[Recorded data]
*****
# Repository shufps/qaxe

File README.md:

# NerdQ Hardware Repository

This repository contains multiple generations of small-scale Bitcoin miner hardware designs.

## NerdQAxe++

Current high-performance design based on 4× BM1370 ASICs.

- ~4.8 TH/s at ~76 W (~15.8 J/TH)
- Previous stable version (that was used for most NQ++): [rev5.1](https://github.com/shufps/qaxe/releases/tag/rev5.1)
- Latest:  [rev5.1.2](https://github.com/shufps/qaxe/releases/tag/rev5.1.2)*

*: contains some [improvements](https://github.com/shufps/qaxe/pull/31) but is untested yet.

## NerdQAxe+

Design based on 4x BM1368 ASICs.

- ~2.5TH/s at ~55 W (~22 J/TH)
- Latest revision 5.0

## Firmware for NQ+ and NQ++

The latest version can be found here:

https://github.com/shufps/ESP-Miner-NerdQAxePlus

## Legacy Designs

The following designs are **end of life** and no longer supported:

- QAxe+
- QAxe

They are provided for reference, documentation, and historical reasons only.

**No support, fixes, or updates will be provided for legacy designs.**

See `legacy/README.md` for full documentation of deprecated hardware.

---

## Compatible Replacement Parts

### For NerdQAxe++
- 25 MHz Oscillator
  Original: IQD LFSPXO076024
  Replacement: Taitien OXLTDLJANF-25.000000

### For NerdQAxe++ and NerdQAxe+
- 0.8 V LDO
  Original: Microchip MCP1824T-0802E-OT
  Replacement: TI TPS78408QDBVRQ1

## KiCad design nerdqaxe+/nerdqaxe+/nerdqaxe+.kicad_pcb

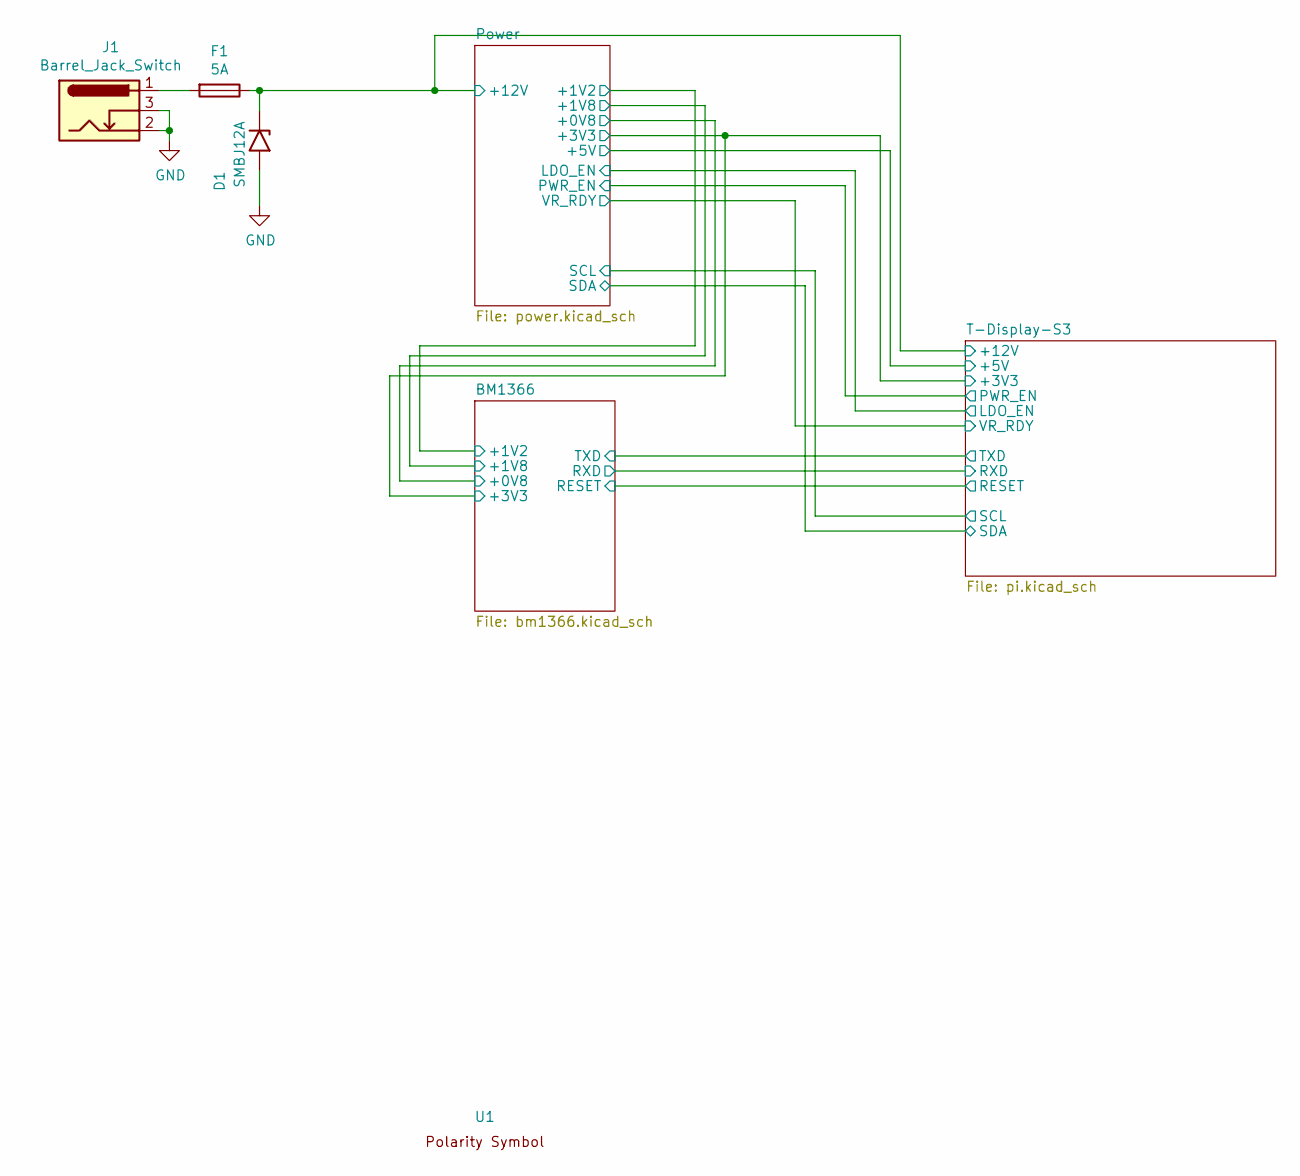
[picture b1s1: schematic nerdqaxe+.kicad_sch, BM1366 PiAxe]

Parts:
D1: SMBJ12A; D_SMB
F1: 5A; fuseholder_littlefuse_blok
J1: Barrel_Jack_Switch; BarrelJack_CUI_PJ-102AH_Horizontal
U1: polarity

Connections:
+12V: D1.1 (A1), F1.1; also elsewhere on the board
GND: D1.2 (A2), J1.2, J1.3; also elsewhere on the board
unnamed: F1.2, J1.1

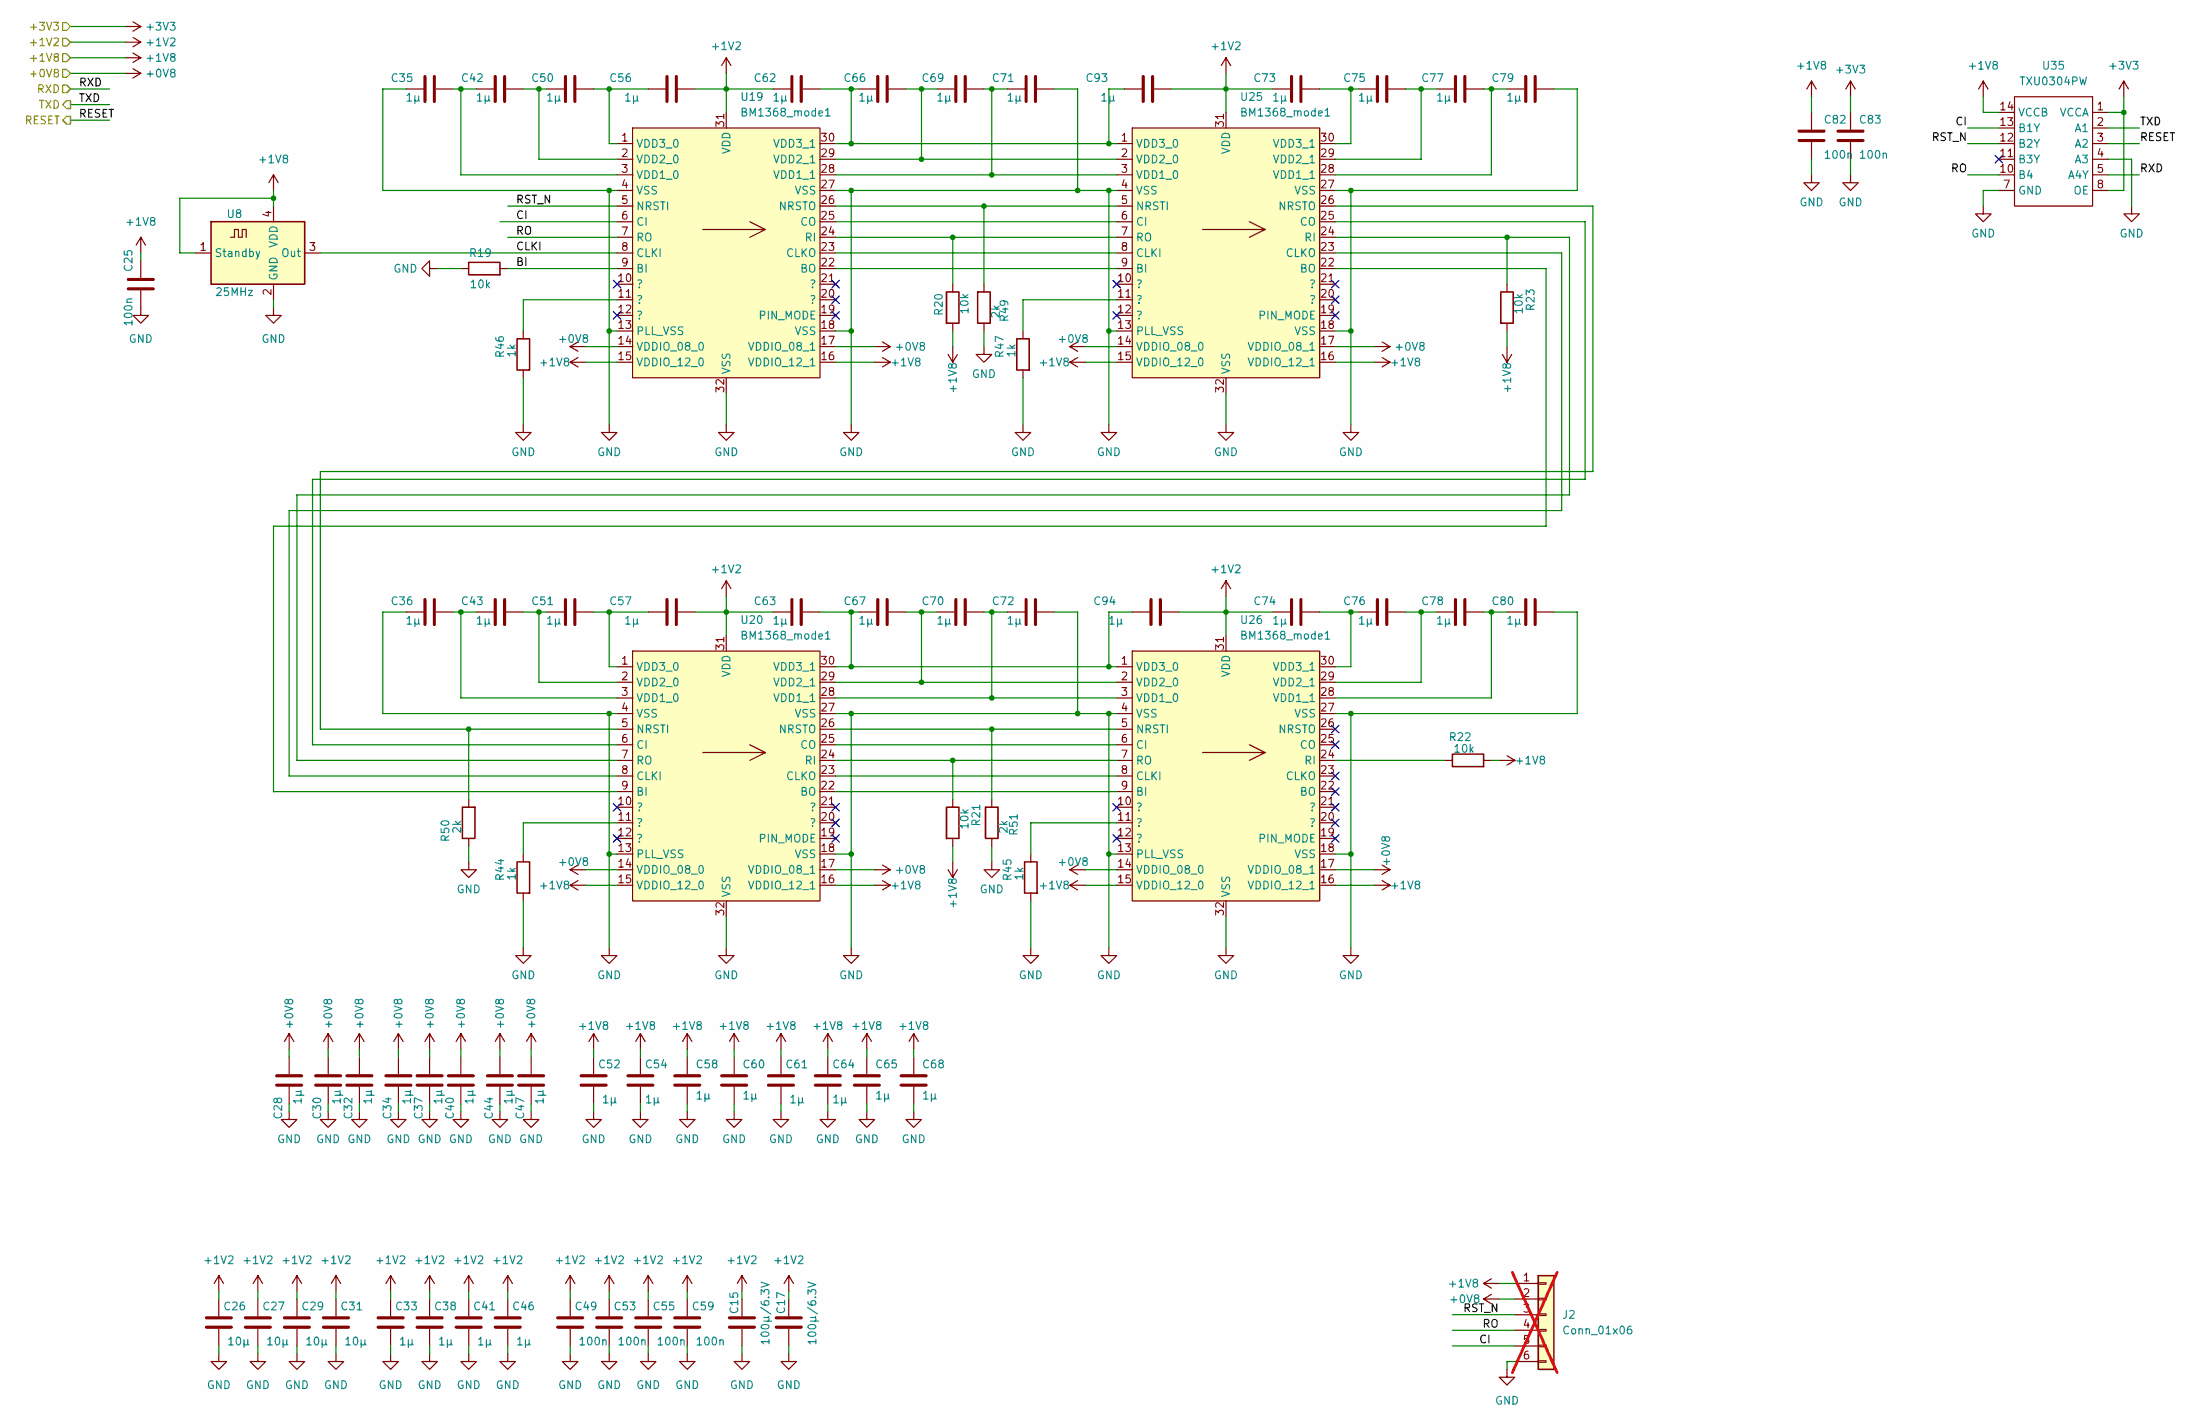
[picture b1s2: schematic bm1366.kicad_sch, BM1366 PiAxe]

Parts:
C15, C17: 100µ/6.3V; C_1210_3225Metric
C25, C49, C53, C55, C59, C82, C83: 100n; C_0805_2012Metric
C26, C27, C29, C31: 10µ; C_0805_2012Metric
C28, C30, C32, C33, C34, C35, C36, C37, C38, C40, C41, C42, C43, C44, C46, C47, C50, C51, C52, C54, C56, C57, C58, C60, C61, C62, C63, C64, C65, C66, C67, C68, C69, C70, C71, C72, C73, C74, C75, C76, C77, C78, C79, C80, C93, C94: 1µ; C_0805_2012Metric
J2: Conn_01x06; PinHeader_1x06_P1.27mm_Vertical; not fitted
R19, R20, R21, R22, R23: 10k; R_0805_2012Metric
R44, R45, R46, R47: 1k; R_0805_2012Metric
R49, R50, R51: 2k; R_0805_2012Metric
U8: 25MHz; Oscillator_SMD_EuroQuartz_XO32-4Pin_3.2x2.5mm
U19, U20, U25, U26: BM1368_mode1; bm1368-package-modified
U35: TXU0304PW; TSSOP-14_4.4x5mm_P0.65mm

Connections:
+0V8: C28.2, C30.2, C32.2, C34.2, C37.2, C40.2, C44.2, C47.2, J2.2, U19.14 (VDDIO_08_0), U19.17 (VDDIO_08_1), U20.14 (VDDIO_08_0), U20.17 (VDDIO_08_1), U25.14 (VDDIO_08_0), U25.17 (VDDIO_08_1), U26.14 (VDDIO_08_0), U26.17 (VDDIO_08_1); also elsewhere on the board
+1V2: C15.1, C17.1, C26.1, C27.1, C29.1, C31.1, C33.1, C38.1, C41.1, C46.1, C49.1, C53.1, C55.1, C56.2, C57.2, C59.1, C62.1, C63.1, C73.1, C74.1, C93.2, C94.2, U19.31 (VDD), U20.31 (VDD), U25.31 (VDD), U26.31 (VDD); also elsewhere on the board
+1V8: C25.1, C52.1, C54.1, C58.1, C60.1, C61.1, C64.1, C65.1, C68.1, C82.1, J2.1, R20.2, R21.2, R22.2, R23.2, U8.1 (Standby), U8.4 (VDD), U19.15 (VDDIO_12_0), U19.16 (VDDIO_12_1), U20.15 (VDDIO_12_0), U20.16 (VDDIO_12_1), U25.15 (VDDIO_12_0), U25.16 (VDDIO_12_1), U26.15 (VDDIO_12_0), U26.16 (VDDIO_12_1), U35.14 (VCCB); also elsewhere on the board
+3V3: C83.1, U35.1 (VCCA), U35.8 (OE); also elsewhere on the board
/BM1366/BI: R19.2, U19.9 (BI)
/BM1366/CI: J2.5, U19.6 (CI), U35.13 (B1Y)
/BM1366/CLKI: U8.3 (Out), U19.8 (CLKI)
/BM1366/RESET: U35.3 (A2); also elsewhere on the board
/BM1366/RO: J2.4, U19.7 (RO), U35.10 (B4)
/BM1366/RST_N: J2.3, U19.5 (NRSTI), U35.12 (B2Y)
/BM1366/RXD: U35.5 (A4Y); also elsewhere on the board
/BM1366/TXD: U35.2 (A1); also elsewhere on the board
GND: C15.2, C17.2, C25.2, C26.2, C27.2, C28.1, C29.2, C30.1, C31.2, C32.1, C33.2, C34.1, C35.1, C36.1, C37.1, C38.2, C40.1, C41.2, C44.1, C46.2, C47.1, C49.2, C52.2, C53.2, C54.2, C55.2, C58.2, C59.2, C60.2, C61.2, C64.2, C65.2, C68.2, C71.2, C72.2, C79.2, C80.2, C82.2, C83.2, J2.6, R19.1, R44.2, R45.2, R46.2, R47.2, R49.1, R50.1, R51.1, U8.2 (GND), U19.4 (VSS), U19.13 (PLL_VSS), U19.18 (VSS), U19.27 (VSS), U19.32 (VSS), U20.4 (VSS), U20.13 (PLL_VSS), U20.18 (VSS), U20.27 (VSS), U20.32 (VSS), U25.4 (VSS), U25.13 (PLL_VSS), U25.18 (VSS), U25.27 (VSS), U25.32 (VSS), U26.4 (VSS), U26.13 (PLL_VSS), U26.18 (VSS), U26.27 (VSS), U26.32 (VSS), U35.4 (A3), U35.7 (GND); also elsewhere on the board
unnamed: R44.1, U20.11 (?)
unnamed: R45.1, U26.11 (?)
unnamed: R46.1, U19.11 (?)
unnamed: R47.1, U25.11 (?)
unnamed: U19.22 (BO), U25.9 (BI)
unnamed: U19.23 (CLKO), U25.8 (CLKI)
unnamed: U19.25 (CO), U25.6 (CI)
unnamed: R49.2, U19.26 (NRSTO), U25.5 (NRSTI)
unnamed: R20.1, U19.24 (RI), U25.7 (RO)
unnamed: C35.2, C42.1, U19.3 (VDD1_0)
unnamed: C69.2, C71.1, U19.28 (VDD1_1), U25.3 (VDD1_0)
unnamed: C42.2, C50.1, U19.2 (VDD2_0)
unnamed: C66.2, C69.1, U19.29 (VDD2_1), U25.2 (VDD2_0)
unnamed: C50.2, C56.1, U19.1 (VDD3_0)
unnamed: C62.2, C66.1, C93.1, U19.30 (VDD3_1), U25.1 (VDD3_0)
unnamed: U20.9 (BI), U25.22 (BO)
unnamed: U20.22 (BO), U26.9 (BI)
unnamed: U20.6 (CI), U25.25 (CO)
unnamed: U20.8 (CLKI), U25.23 (CLKO)
unnamed: U20.23 (CLKO), U26.8 (CLKI)
unnamed: U20.25 (CO), U26.6 (CI)
unnamed: R50.2, U20.5 (NRSTI), U25.26 (NRSTO)
unnamed: R51.2, U20.26 (NRSTO), U26.5 (NRSTI)
unnamed: R21.1, U20.24 (RI), U26.7 (RO)
unnamed: R23.1, U20.7 (RO), U25.24 (RI)
unnamed: C36.2, C43.1, U20.3 (VDD1_0)
unnamed: C70.2, C72.1, U20.28 (VDD1_1), U26.3 (VDD1_0)
unnamed: C43.2, C51.1, U20.2 (VDD2_0)
unnamed: C67.2, C70.1, U20.29 (VDD2_1), U26.2 (VDD2_0)
unnamed: C51.2, C57.1, U20.1 (VDD3_0)
unnamed: C63.2, C67.1, C94.1, U20.30 (VDD3_1), U26.1 (VDD3_0)
unnamed: C77.2, C79.1, U25.28 (VDD1_1)
unnamed: C75.2, C77.1, U25.29 (VDD2_1)
unnamed: C73.2, C75.1, U25.30 (VDD3_1)
unnamed: R22.1, U26.24 (RI)
unnamed: C78.2, C80.1, U26.28 (VDD1_1)
unnamed: C76.2, C78.1, U26.29 (VDD2_1)
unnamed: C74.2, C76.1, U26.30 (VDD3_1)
*****
▶ **ACTION ITEM**
Where does the string "https" appear in the records above? Return every line that holds it.

▶ **ANSWER TO THIS EXERCISE**
- Previous stable version (that was used for most NQ++): [rev5.1](https://github.com/shufps/qaxe/releases/tag/rev5.1)
- Latest:  [rev5.1.2](https://github.com/shufps/qaxe/releases/tag/rev5.1.2)*
*: contains some [improvements](https://github.com/shufps/qaxe/pull/31) but is untested yet.
https://github.com/shufps/ESP-Miner-NerdQAxePlus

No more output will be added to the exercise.